_WORK REQUEST_. Copy exactly the lines of the material below that run from the one containing "point P3 (50, 0)" through the one containing "(50, 1.5, -1.5)". Copy no other lines.
··· STORED DATA ···
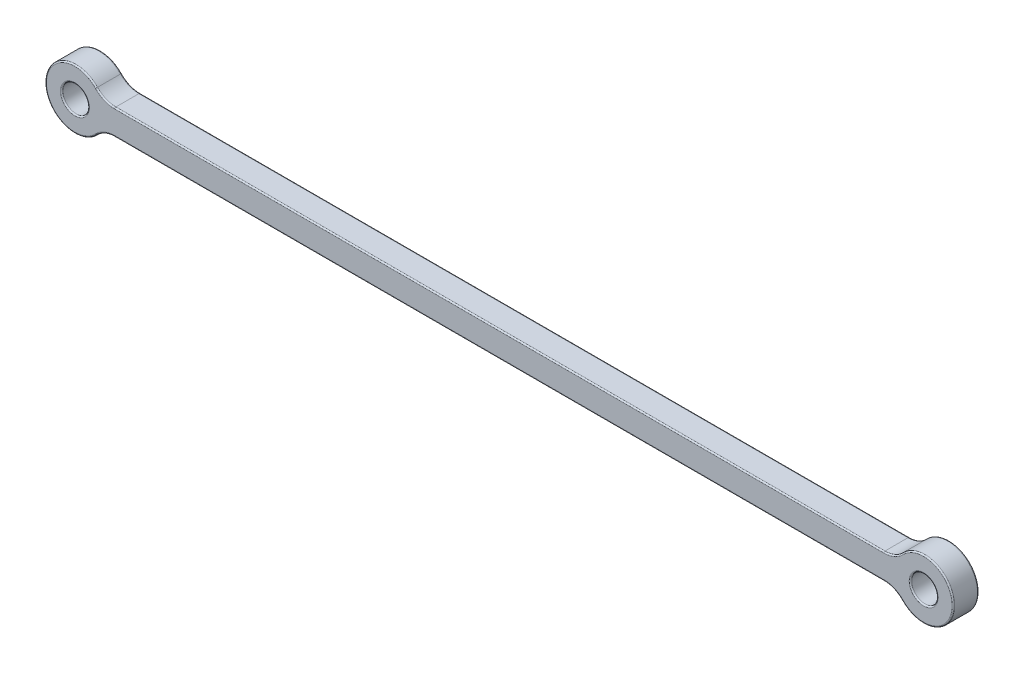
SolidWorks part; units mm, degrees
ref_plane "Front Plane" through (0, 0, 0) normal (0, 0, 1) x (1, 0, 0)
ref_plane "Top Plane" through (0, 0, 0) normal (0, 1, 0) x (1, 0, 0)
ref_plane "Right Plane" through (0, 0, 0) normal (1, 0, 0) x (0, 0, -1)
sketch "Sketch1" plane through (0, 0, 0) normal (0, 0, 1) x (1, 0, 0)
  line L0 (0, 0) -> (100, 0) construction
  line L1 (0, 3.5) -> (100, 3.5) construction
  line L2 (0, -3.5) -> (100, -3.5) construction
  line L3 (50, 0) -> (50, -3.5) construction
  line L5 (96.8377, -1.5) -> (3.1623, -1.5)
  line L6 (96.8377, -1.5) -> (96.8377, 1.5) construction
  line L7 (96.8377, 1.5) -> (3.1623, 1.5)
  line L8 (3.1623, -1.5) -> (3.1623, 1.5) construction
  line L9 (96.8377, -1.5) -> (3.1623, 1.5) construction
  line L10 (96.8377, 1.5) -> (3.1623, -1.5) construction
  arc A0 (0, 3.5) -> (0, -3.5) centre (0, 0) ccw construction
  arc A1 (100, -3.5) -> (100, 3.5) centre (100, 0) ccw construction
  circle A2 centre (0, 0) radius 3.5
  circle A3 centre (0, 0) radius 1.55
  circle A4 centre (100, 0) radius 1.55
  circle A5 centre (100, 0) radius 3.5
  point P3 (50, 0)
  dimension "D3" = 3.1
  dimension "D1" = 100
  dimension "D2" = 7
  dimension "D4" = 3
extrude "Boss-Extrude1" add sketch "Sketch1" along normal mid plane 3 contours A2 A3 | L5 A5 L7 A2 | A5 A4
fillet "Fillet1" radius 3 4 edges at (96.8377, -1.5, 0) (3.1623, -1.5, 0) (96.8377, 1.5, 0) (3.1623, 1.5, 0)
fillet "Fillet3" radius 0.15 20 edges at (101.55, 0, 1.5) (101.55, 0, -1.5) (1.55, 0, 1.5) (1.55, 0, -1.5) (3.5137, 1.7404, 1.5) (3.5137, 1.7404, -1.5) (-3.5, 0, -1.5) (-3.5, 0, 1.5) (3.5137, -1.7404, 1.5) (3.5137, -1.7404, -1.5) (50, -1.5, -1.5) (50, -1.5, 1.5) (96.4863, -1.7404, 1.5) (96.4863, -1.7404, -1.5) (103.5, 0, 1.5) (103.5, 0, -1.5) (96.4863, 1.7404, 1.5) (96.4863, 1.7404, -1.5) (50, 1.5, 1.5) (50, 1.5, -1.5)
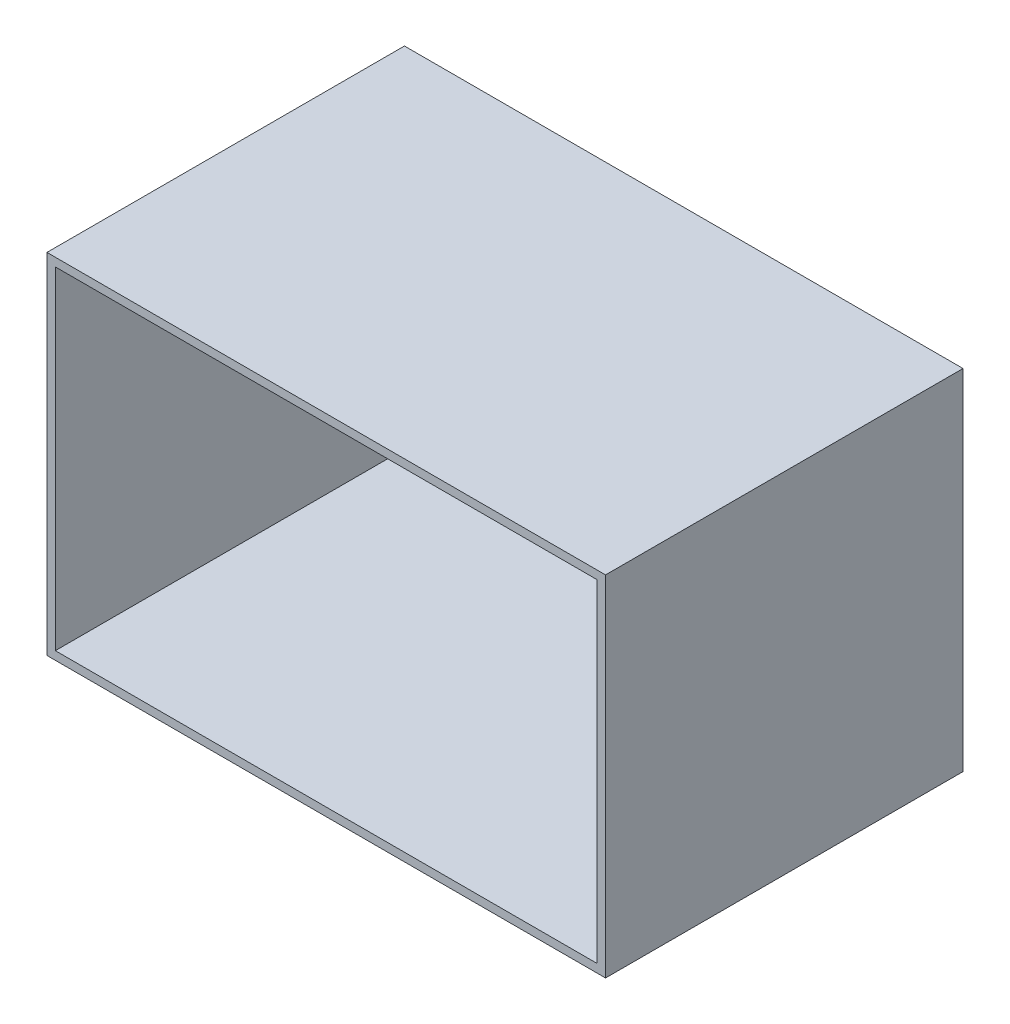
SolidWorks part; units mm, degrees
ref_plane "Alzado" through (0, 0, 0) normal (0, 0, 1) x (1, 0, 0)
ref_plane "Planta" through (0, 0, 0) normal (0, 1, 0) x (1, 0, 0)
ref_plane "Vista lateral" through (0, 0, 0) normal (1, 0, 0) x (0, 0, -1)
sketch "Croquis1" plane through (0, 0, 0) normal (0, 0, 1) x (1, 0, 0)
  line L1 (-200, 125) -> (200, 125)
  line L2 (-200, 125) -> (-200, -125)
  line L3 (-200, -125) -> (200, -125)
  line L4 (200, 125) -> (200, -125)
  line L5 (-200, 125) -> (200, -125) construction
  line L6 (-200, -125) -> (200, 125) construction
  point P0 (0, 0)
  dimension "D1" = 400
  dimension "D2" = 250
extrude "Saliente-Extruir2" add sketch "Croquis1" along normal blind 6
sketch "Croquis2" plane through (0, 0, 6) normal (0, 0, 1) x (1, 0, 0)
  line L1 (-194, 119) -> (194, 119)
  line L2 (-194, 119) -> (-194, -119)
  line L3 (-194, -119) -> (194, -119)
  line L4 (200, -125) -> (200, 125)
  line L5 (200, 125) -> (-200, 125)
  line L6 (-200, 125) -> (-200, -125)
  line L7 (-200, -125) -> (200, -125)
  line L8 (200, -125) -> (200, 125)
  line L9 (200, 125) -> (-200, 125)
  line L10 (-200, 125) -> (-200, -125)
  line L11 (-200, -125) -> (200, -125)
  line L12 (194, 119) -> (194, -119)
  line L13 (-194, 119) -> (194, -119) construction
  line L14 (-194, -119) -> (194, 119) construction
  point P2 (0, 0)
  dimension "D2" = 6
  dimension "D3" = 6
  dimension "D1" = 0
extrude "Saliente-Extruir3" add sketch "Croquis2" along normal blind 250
···
_EXERCISE RESPONSE_.
  point P3 (50, 0)
  dimension "D3" = 3.1
  dimension "D1" = 100
  dimension "D2" = 7
  dimension "D4" = 3
extrude "Boss-Extrude1" add sketch "Sketch1" along normal mid plane 3 contours A2 A3 | L5 A5 L7 A2 | A5 A4
fillet "Fillet1" radius 3 4 edges at (96.8377, -1.5, 0) (3.1623, -1.5, 0) (96.8377, 1.5, 0) (3.1623, 1.5, 0)
fillet "Fillet3" radius 0.15 20 edges at (101.55, 0, 1.5) (101.55, 0, -1.5) (1.55, 0, 1.5) (1.55, 0, -1.5) (3.5137, 1.7404, 1.5) (3.5137, 1.7404, -1.5) (-3.5, 0, -1.5) (-3.5, 0, 1.5) (3.5137, -1.7404, 1.5) (3.5137, -1.7404, -1.5) (50, -1.5, -1.5) (50, -1.5, 1.5) (96.4863, -1.7404, 1.5) (96.4863, -1.7404, -1.5) (103.5, 0, 1.5) (103.5, 0, -1.5) (96.4863, 1.7404, 1.5) (96.4863, 1.7404, -1.5) (50, 1.5, 1.5) (50, 1.5, -1.5)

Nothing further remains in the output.